- WHAT YOU WILL DO
Which lines in the records below hold the word "lcdRS"? Copy each of them.

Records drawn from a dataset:
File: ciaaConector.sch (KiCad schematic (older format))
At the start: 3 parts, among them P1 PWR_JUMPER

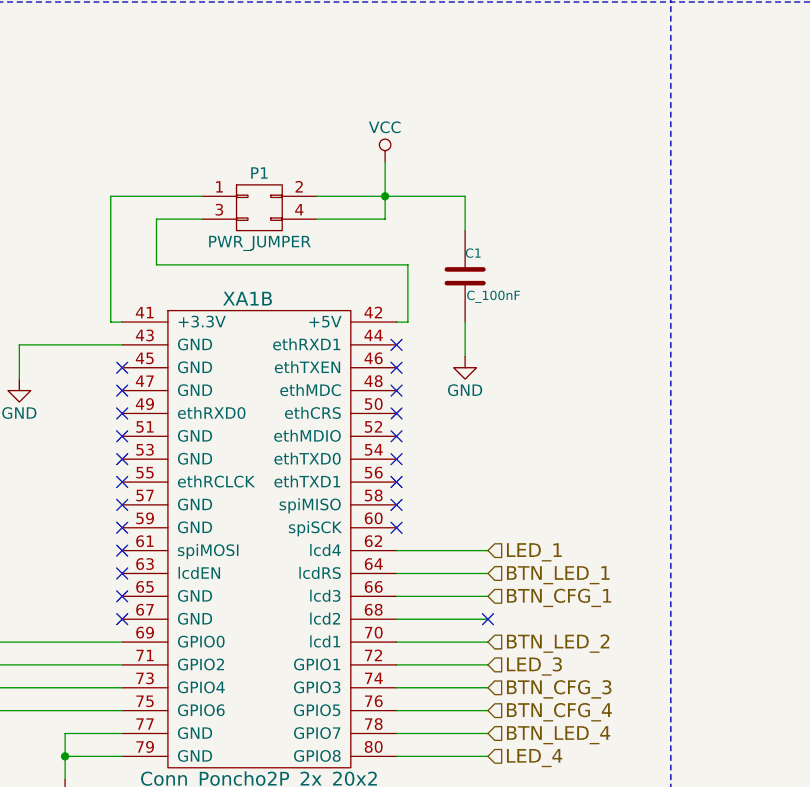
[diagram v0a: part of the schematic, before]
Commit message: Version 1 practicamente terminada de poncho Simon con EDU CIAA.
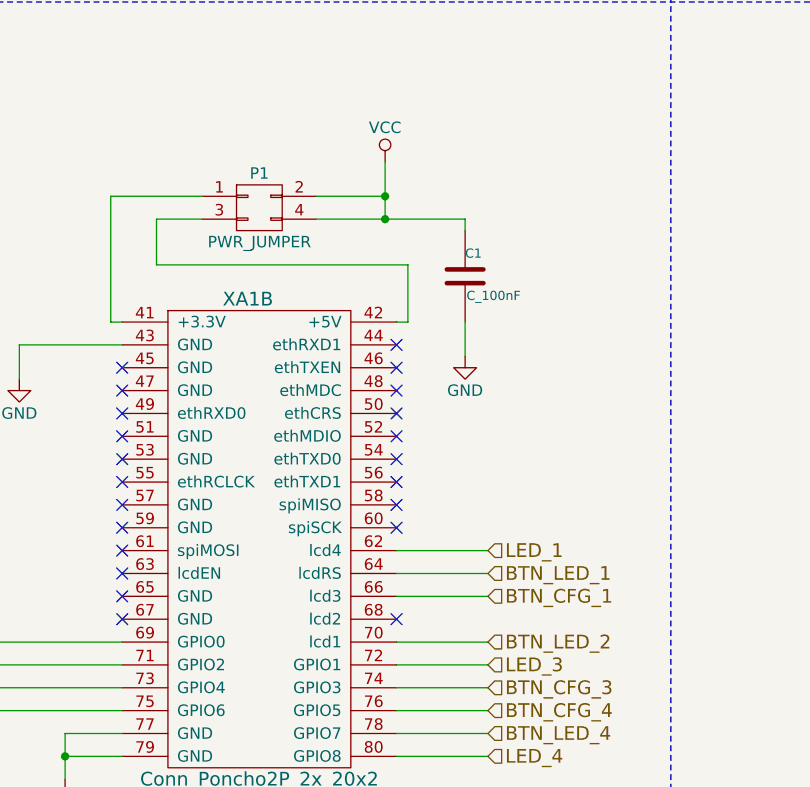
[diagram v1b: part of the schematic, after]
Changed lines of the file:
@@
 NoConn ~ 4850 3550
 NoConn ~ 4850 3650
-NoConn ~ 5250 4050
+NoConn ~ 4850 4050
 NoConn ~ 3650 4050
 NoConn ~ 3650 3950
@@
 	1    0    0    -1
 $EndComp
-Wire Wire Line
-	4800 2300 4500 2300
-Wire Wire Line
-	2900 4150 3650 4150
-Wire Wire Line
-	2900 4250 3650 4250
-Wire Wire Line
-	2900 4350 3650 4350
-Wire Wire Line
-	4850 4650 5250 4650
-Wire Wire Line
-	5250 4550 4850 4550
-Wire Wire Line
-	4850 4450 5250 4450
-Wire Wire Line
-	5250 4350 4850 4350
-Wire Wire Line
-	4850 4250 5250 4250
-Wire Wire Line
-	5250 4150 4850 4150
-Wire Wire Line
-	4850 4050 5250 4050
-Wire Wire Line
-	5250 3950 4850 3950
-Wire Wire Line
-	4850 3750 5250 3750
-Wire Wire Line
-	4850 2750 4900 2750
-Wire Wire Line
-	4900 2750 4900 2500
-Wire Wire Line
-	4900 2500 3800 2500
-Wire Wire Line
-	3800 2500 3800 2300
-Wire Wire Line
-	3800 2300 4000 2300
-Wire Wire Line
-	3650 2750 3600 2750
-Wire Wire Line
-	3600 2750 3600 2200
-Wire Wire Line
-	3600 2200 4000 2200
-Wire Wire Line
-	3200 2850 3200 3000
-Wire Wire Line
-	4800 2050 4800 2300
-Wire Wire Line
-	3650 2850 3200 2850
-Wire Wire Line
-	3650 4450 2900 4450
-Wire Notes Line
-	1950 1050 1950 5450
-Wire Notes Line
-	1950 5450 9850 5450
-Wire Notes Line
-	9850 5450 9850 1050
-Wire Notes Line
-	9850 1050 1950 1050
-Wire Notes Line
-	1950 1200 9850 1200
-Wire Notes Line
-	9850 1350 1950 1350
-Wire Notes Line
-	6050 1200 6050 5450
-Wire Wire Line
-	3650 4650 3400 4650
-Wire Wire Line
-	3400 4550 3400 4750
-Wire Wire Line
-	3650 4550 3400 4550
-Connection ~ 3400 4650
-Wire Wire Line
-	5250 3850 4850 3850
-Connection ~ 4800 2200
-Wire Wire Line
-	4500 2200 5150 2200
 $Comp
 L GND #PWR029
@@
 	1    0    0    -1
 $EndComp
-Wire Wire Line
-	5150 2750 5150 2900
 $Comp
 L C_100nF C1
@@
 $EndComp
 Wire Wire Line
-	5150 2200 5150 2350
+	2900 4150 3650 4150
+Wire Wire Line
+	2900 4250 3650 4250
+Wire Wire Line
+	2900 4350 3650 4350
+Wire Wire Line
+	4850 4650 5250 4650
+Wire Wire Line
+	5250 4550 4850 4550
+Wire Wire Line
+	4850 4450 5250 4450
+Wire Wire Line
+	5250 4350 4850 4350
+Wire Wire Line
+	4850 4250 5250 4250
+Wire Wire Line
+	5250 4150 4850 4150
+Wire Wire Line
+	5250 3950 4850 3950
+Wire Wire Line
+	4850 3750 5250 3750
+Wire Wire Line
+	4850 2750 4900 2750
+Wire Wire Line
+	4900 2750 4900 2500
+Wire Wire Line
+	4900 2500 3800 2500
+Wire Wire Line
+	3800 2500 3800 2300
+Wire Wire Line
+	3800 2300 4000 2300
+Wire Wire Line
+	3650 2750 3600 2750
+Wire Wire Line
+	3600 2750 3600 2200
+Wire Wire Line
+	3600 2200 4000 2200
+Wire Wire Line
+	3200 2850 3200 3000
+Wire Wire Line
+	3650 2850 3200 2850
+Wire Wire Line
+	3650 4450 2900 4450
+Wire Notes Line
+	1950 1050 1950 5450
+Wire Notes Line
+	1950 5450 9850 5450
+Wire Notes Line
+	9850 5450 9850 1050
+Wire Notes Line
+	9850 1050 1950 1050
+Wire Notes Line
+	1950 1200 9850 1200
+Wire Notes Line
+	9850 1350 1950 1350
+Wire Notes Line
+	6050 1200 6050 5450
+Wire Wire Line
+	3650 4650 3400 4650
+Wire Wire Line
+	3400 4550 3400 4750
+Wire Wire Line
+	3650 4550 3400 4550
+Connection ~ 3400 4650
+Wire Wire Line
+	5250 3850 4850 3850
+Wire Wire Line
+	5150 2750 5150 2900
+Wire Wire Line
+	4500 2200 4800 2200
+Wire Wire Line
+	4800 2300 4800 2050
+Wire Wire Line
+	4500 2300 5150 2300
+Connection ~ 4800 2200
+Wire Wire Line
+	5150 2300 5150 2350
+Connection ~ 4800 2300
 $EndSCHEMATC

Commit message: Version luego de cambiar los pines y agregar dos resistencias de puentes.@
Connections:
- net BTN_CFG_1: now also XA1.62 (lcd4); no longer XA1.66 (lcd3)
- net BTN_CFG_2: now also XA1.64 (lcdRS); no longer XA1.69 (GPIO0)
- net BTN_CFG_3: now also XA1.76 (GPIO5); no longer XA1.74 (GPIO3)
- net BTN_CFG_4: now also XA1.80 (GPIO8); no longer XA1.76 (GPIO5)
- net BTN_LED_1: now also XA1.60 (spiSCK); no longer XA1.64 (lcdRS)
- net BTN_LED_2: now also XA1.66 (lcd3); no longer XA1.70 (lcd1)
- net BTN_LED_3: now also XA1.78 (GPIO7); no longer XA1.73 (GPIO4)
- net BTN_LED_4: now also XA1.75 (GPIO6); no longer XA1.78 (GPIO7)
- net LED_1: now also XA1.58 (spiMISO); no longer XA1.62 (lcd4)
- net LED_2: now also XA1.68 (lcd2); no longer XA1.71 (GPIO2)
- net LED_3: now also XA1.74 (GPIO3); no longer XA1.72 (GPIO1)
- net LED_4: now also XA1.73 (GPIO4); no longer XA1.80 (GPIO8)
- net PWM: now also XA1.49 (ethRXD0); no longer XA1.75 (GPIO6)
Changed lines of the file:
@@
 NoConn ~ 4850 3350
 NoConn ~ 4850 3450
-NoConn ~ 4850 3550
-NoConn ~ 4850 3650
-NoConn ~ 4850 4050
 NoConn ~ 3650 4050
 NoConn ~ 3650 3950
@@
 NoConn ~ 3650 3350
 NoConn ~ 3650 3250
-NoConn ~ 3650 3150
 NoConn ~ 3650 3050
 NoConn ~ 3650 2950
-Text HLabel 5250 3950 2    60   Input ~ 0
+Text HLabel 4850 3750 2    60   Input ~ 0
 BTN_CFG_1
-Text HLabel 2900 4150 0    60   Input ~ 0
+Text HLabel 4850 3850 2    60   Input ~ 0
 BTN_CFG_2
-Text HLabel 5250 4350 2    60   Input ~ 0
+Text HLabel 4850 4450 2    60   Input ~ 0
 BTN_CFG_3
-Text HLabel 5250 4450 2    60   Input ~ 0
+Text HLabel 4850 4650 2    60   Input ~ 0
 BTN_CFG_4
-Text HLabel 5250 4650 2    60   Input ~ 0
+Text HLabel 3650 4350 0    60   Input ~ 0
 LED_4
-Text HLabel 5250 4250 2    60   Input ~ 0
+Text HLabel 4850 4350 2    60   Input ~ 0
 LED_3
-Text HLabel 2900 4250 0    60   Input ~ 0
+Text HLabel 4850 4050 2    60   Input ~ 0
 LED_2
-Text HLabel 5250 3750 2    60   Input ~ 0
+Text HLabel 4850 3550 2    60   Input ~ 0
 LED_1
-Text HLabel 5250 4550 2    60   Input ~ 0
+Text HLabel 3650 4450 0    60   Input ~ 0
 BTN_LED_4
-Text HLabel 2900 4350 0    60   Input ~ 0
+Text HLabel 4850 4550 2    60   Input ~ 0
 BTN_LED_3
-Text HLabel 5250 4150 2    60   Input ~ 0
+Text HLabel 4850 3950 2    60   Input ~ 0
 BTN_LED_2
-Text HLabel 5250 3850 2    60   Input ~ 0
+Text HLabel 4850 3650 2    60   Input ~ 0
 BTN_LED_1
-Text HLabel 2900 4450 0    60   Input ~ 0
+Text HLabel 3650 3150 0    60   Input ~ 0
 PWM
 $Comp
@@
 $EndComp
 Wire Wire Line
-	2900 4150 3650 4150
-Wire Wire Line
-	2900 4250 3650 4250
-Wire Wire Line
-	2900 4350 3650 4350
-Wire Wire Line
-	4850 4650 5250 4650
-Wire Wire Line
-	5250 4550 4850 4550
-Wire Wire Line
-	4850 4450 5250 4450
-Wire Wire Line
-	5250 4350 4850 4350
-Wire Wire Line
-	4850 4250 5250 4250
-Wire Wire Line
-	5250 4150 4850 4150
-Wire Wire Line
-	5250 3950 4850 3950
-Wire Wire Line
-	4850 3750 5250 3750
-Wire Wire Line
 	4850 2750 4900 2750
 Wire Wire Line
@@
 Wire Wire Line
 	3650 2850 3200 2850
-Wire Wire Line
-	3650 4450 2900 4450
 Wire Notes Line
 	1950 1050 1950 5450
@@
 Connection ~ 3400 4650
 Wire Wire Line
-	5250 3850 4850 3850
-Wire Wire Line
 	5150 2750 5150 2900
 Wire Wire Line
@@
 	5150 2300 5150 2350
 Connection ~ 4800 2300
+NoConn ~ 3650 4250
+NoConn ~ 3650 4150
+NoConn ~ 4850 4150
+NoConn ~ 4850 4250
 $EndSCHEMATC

- ANSWER FOR THIS EXERCISE
- net BTN_CFG_2: now also XA1.64 (lcdRS); no longer XA1.69 (GPIO0)
- net BTN_LED_1: now also XA1.60 (spiSCK); no longer XA1.64 (lcdRS)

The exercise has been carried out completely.